If GV would expose a stream of scroll data (maybe following that same model for informing how the user scroll was consumed or not

) we can easily adapt to conform to the new interfaces in a NestedGeckoViewV2. (Maybe fling/overscroll data can be added in a similar way)

I get that is is probably a big change (although I hope all the work until now is reusable and probably all the data is already there) and this is why I wanted to first ask if something like this can be considered with implementation details to be later discussed.

hiikezoe commented 3 years ago

One caveat I can tell is the amount of scroll pixels is not what you want. So for example if the content is scaled by 0.5x, the scroll amount is 2x larger than the value on 1.0x scaled content in the content's coords but the delta on the screen will be same.

Mugurell commented 3 years ago

Makes sense. But if the scaling is known to GeckoView maybe it can use that in the pixels scrolled result?

agi commented 3 years ago

If GeckoView would support these methods we'd probably be able to then plug (and play) any other Views we want, like a dynamic toolbar or a pull to refresh view, overscroll edge effect, etc which would entirely be driven by GeckoView - by the events and distances it informs us about.

I need to look into this more, but from a first glance this sounds like something I would support having in GeckoView. I agree the complexity of this whole feature is really high and it would be nice if we could hide it from AC/Fenix as much as possible.

agi commented 3 years ago

There is a pref value how we wait for the response from the main-thread; https://searchfox.org/mozilla-central/rev/d3683dbb252506400c71256ef3994cdbdfb71ada/mobile/android/app/mobile.js#376

ouch so we wait as much as 600ms? I think that's really high, especially on powerful devices. I wonder if we could lower it a little bit

hiikezoe commented 3 years ago

There is a pref value how we wait for the response from the main-thread; https://searchfox.org/mozilla-central/rev/d3683dbb252506400c71256ef3994cdbdfb71ada/mobile/android/app/mobile.js#376

ouch so we wait as much as 600ms? I think that's really high, especially on powerful devices. I wonder if we could lower it a little bit

As you may have already noticed, the value is 400ms on desktop it's not so much difference.

But if the scaling is known to GeckoView maybe it can use that in the pixels scrolled result?

The delta in the screen coords can be calculated in GeckoView or AC (Fenix), you can just ignore the content scale.
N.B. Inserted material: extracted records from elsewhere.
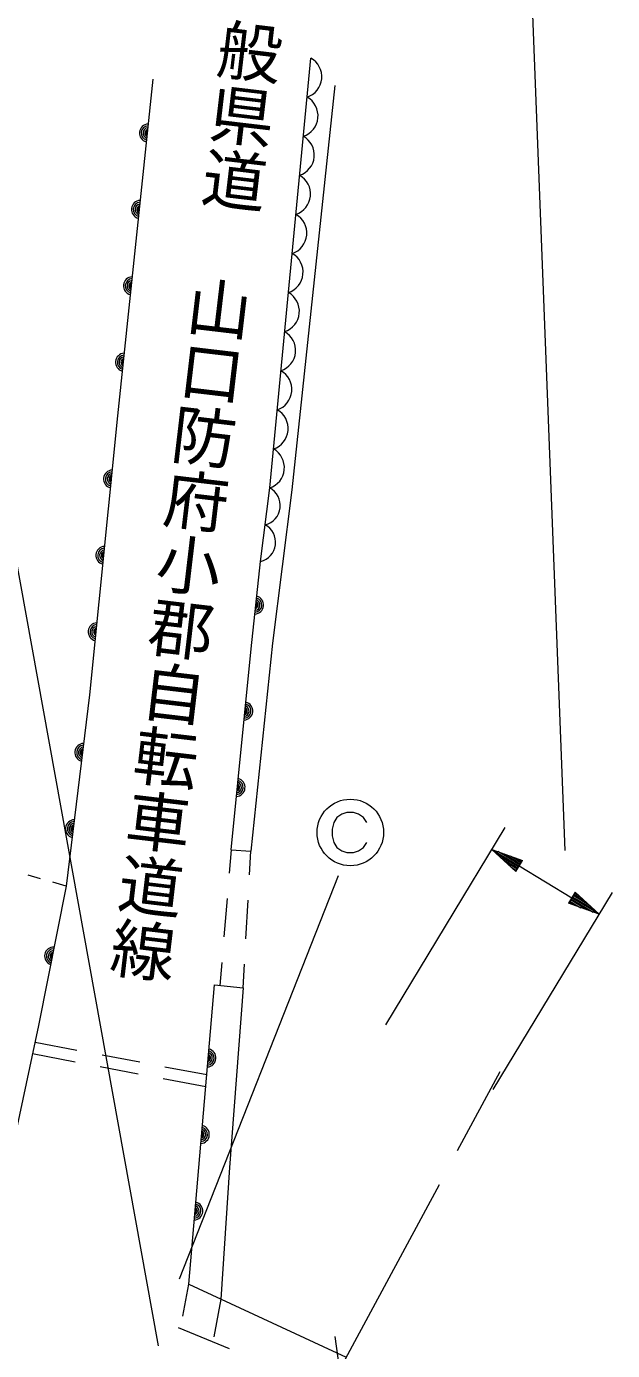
# Model space of a CAD drawing. Units: millimetres, scale not verified. Extents: x 40000 to 680000, y 20000 to 380000.
# Drawn here: x 550415 to 573293, y 289223 to 340938 of the extents above; entities that cross this region are included whole.
import ezdxf
from ezdxf.enums import TextEntityAlignment as Align

# ---------------------------------------------------------------- set-up
doc = ezdxf.new("R2010")
doc.units = ezdxf.units.MM
doc.header["$LTSCALE"] = 1000
doc.linetypes.add('CHAIN', pattern=[18.5, 12, -1.5, 3.5, -1.5])
for name, color, linetype, lineweight in [('M-BGD', 7, 'Continuous', 13), ('M-BMK', 2, 'CHAIN', 13), ('M-STR-HTXT', 7, 'Continuous', 13), ('M-STR-STRC', 7, 'Continuous', 13), ('M-STR-STRD', 7, 'Continuous', 13)]:
    doc.layers.add(name, color=color, linetype=linetype, lineweight=lineweight)
doc.layers.add('M-BGD-HTXT', color=7, linetype='Continuous')
doc.styles.add('@ＭＳ ゴシック', font='')
doc.styles.get('@ＭＳ ゴシック').set_extended_font_data('@MS Gothic')

msp = doc.modelspace()

# ---------------------------------------------------------------- linework, layer by layer
at = {"layer": 'M-BGD'}
for p, q in [((562407, 309848), (562342, 309588)), ((562537, 310043), (562407, 309848)), ((562732, 310173), (562537, 310043)), ((562927, 310238), (562732, 310173)), ((563187, 310238), (562927, 310238)), ((563382, 310173), (563187, 310238)), ((563577, 310043), (563382, 310173)), ((563707, 309848), (563577, 310043)), ((562342, 309588), (562342, 309328)), ((562342, 309328), (562407, 309068)), ((558402, 308776), (558328, 307873)), ((558402, 308776), (559174, 308722)), ((562407, 309068), (562537, 308873)), ((562537, 308873), (562732, 308743)), ((562732, 308743), (562927, 308678)), ((563187, 308678), (563382, 308743)), ((563382, 308743), (563577, 308873)), ((563577, 308873), (563707, 309068)), ((559121, 307805), (559174, 308722)), ((562927, 308678), (563187, 308678)), ((550961, 307652), (550481, 307793)), ((551962, 307359), (551441, 307512)), ((558246, 306876), (558123, 305381)), ((558979, 305309), (559064, 306807)), ((558041, 304384), (557967, 303481)), ((558869, 303394), (558921, 304311)), ((556752, 291814), (557757, 303502)), ((557757, 303502), (558869, 303394)), ((550747, 301265), (552381, 300957)), ((550652, 300818), (552314, 300502)), ((553364, 300772), (554838, 300494)), ((553297, 300315), (554770, 300035)), ((555821, 300308), (557456, 300000)), ((555753, 299848), (557415, 299532)), ((556516, 290566), (556752, 291814)), ((556752, 291814), (562898, 288963)), ((558002, 291234), (557723, 289760))]:
    msp.add_line(p, q, dxfattribs=at)
for points in [[(559551, 320042), (559909, 322912), (561514, 339704)], [(555343, 338879), (553971, 325729), (552877, 314839), (551962, 307359), (550886, 301923), (549666, 296164), (546688, 294281)], [(562447, 338628), (560770, 322840), (560017, 316849), (559174, 308722)], [(558402, 308776), (559192, 316633), (559551, 320042)], [(558869, 303394), (558340, 296371), (558002, 291234)]]:
    msp.add_lwpolyline(points, dxfattribs=at)
msp.add_circle((563057, 309458), 1300, dxfattribs=at)
for centre, radius, start, end in [((561105, 338973), 838, 288.3237, 60.7584), ((560959, 337446), 838, 288.3237, 60.7584), ((555178, 336774), 354, 92.8431, 255.2483), ((555178, 336774), 283, 95.0672, 253.0243), ((555178, 336774), 212, 98.8135, 249.278), ((555178, 336774), 142, 106.5252, 241.5662), ((555178, 336774), 100, 116.8429, 231.2486), ((560813, 335920), 838, 288.3237, 60.7584), ((560667, 334393), 838, 288.3237, 60.7584), ((554867, 333790), 354, 92.8431, 255.2483), ((554867, 333790), 283, 95.0672, 253.0243), ((554867, 333790), 212, 98.8135, 249.278), ((554867, 333790), 142, 106.5252, 241.5662), ((554867, 333790), 100, 116.8429, 231.2486), ((560521, 332867), 838, 288.3237, 60.7584), ((560375, 331340), 838, 288.3237, 60.7584), ((554555, 330806), 354, 92.8431, 255.2483), ((554555, 330806), 283, 95.0672, 253.0243), ((554555, 330806), 212, 98.8135, 249.278), ((554555, 330806), 142, 106.5252, 241.5662), ((554555, 330806), 100, 116.8429, 231.2486), ((560230, 329814), 838, 288.3237, 60.7584), ((560084, 328287), 838, 288.3237, 60.7584), ((554244, 327822), 354, 92.8431, 255.2483), ((554244, 327822), 283, 95.0672, 253.0243), ((554244, 327822), 212, 98.8135, 249.278), ((554244, 327822), 142, 106.5252, 241.5662), ((554244, 327822), 100, 116.8429, 231.2486), ((559938, 326761), 838, 288.3237, 60.7584), ((559792, 325234), 838, 288.3237, 60.7584), ((559646, 323707), 838, 288.3237, 60.7584), ((553778, 323263), 354, 93.0588, 255.464), ((553778, 323263), 283, 95.2828, 253.2399), ((553778, 323263), 212, 99.0292, 249.4936), ((553778, 323263), 142, 106.7409, 241.7819), ((553778, 323263), 100, 117.0585, 231.4642), ((559549, 322228), 773, 283.5544, 62.1956), ((559369, 320793), 773, 283.5544, 62.1956), ((553478, 320279), 354, 93.0588, 255.464), ((553478, 320279), 283, 95.2828, 253.2399), ((553478, 320279), 212, 99.0292, 249.4936), ((553478, 320279), 142, 106.7409, 241.7819), ((553478, 320279), 100, 117.0585, 231.4642), ((559317, 318343), 354, 272.7884, 75.1936), ((559317, 318343), 283, 275.0124, 72.9695), ((559317, 318343), 212, 278.7588, 69.2232), ((559317, 318343), 142, 286.4705, 61.5115), ((559317, 318343), 100, 296.7882, 51.1938), ((553178, 317294), 354, 93.0588, 255.464), ((553178, 317294), 283, 95.2828, 253.2399), ((553178, 317294), 212, 99.0292, 249.4936), ((553178, 317294), 142, 106.7409, 241.7819), ((553178, 317294), 100, 117.0585, 231.4642), ((558893, 314202), 354, 273.0609, 75.4661), ((558893, 314202), 283, 275.2849, 73.2421), ((558893, 314202), 212, 279.0313, 69.4957), ((558893, 314202), 142, 286.743, 61.784), ((558893, 314202), 100, 297.0607, 51.4663), ((552656, 312581), 354, 91.8246, 254.2298), ((552656, 312581), 283, 94.0487, 252.0058), ((552656, 312581), 212, 97.795, 248.2594), ((552656, 312581), 142, 105.5067, 240.5477), ((552656, 312581), 100, 115.8244, 230.2301), ((558593, 311217), 354, 273.0609, 75.4661), ((558593, 311217), 283, 275.2849, 73.2421), ((558593, 311217), 212, 279.0313, 69.4957), ((558593, 311217), 142, 286.743, 61.784), ((558593, 311217), 100, 297.0607, 51.4663), ((552291, 309603), 354, 91.8246, 254.2298), ((552291, 309603), 283, 94.0487, 252.0058), ((552291, 309603), 212, 97.795, 248.2594), ((552291, 309603), 142, 105.5067, 240.5477), ((552291, 309603), 100, 115.8244, 230.2301), ((551477, 304630), 354, 87.5966, 250.0018), ((551477, 304630), 283, 89.8207, 247.7777), ((551477, 304630), 212, 93.567, 244.0314), ((551477, 304630), 142, 101.2787, 236.3197), ((551477, 304630), 100, 111.5964, 226.002), ((557457, 300651), 354, 273.8846, 76.2898), ((557457, 300651), 283, 276.1086, 74.0657), ((557457, 300651), 212, 279.855, 70.3194), ((557457, 300651), 142, 287.5667, 62.6077), ((557457, 300651), 100, 297.8844, 52.29), ((557200, 297662), 354, 273.8846, 76.2898), ((557200, 297662), 283, 276.1086, 74.0657), ((557200, 297662), 212, 279.855, 70.3194), ((557200, 297662), 142, 287.5667, 62.6077), ((557200, 297662), 100, 297.8844, 52.29), ((556943, 294673), 354, 273.8846, 76.2898), ((556943, 294673), 283, 276.1086, 74.0657), ((556943, 294673), 212, 279.855, 70.3194), ((556943, 294673), 142, 287.5667, 62.6077), ((556943, 294673), 100, 297.8844, 52.29)]:
    msp.add_arc(centre, radius, start, end, dxfattribs=at)
at = {"layer": 'M-BMK'}
msp.add_line((560844, 285148), (569283, 300817), dxfattribs=at)
at = {"layer": 'M-STR-HTXT'}
for p, q in [((571444, 308758), (570009, 345785)), ((555568, 289401), (546670, 338484)), ((564442, 301948), (569096, 309651)), ((568579, 308796), (569520, 307935)), ((568579, 308796), (569778, 308363)), ((568579, 308796), (569649, 308149)), ((569623, 308106), (568767, 308623)), ((569675, 308192), (568819, 308709)), ((568955, 308451), (569597, 308064)), ((569059, 308623), (569701, 308235)), ((569571, 308021), (569143, 308279)), ((569727, 308277), (569299, 308536)), ((569520, 307935), (569778, 308363)), ((569538, 308450), (569752, 308320)), ((569332, 308107), (569546, 307978)), ((569649, 308149), (571706, 306906)), ((568639, 299413), (573293, 307116)), ((571835, 307120), (571577, 306692)), ((572776, 306260), (571577, 306692)), ((571817, 306606), (571603, 306735)), ((571628, 306778), (572056, 306519)), ((572296, 306433), (571654, 306821)), ((571680, 306863), (572536, 306346)), ((572776, 306260), (571706, 306906)), ((571732, 306949), (572588, 306432)), ((572400, 306604), (571758, 306992)), ((571784, 307035), (572212, 306776)), ((572023, 306948), (571809, 307077)), ((572776, 306260), (571835, 307120))]:
    msp.add_line(p, q, dxfattribs=at)
at = {"layer": 'M-STR-STRC'}
for p, q in [((556383, 292021), (562590, 307772)), ((562457, 289764), (564753, 272507))]:
    msp.add_line(p, q, dxfattribs=at)
at = {"layer": 'M-STR-STRD'}
msp.add_line((556339, 290128), (558326, 289298), dxfattribs=at)

# ---------------------------------------------------------------- texts
at = {"layer": 'M-BGD-HTXT', "style": '@ＭＳ ゴシック'}
msp.add_text('一般県道\u3000山口防府小郡自転車道線', height=1851, rotation=263.242, dxfattribs=at).set_placement((555703, 323846), align=Align.BOTTOM_CENTER)

doc.saveas('drawing.dxf')

I am assuming you are supposing something like this;

1) the user moves his finger 100px in the screen coords 2) in the content coords, the first 50px scrolls the content, but it reached to one of the edge, thus the rest of 50px didn't cause any scroll

In this case, the browser should do nothing. In other words, once after the content, or Gecko started consuming touch events, the browser should do nothing until the user leaves his fingers (or the events is interrupted by other type of events). Of course it's likely there's any edge cases I am not aware of.

csadilek commented 2 years ago

Moved to bugzilla: https://bugzilla.mozilla.org/show_bug.cgi?id=1795420

Change performed by the Move to Bugzilla add-on.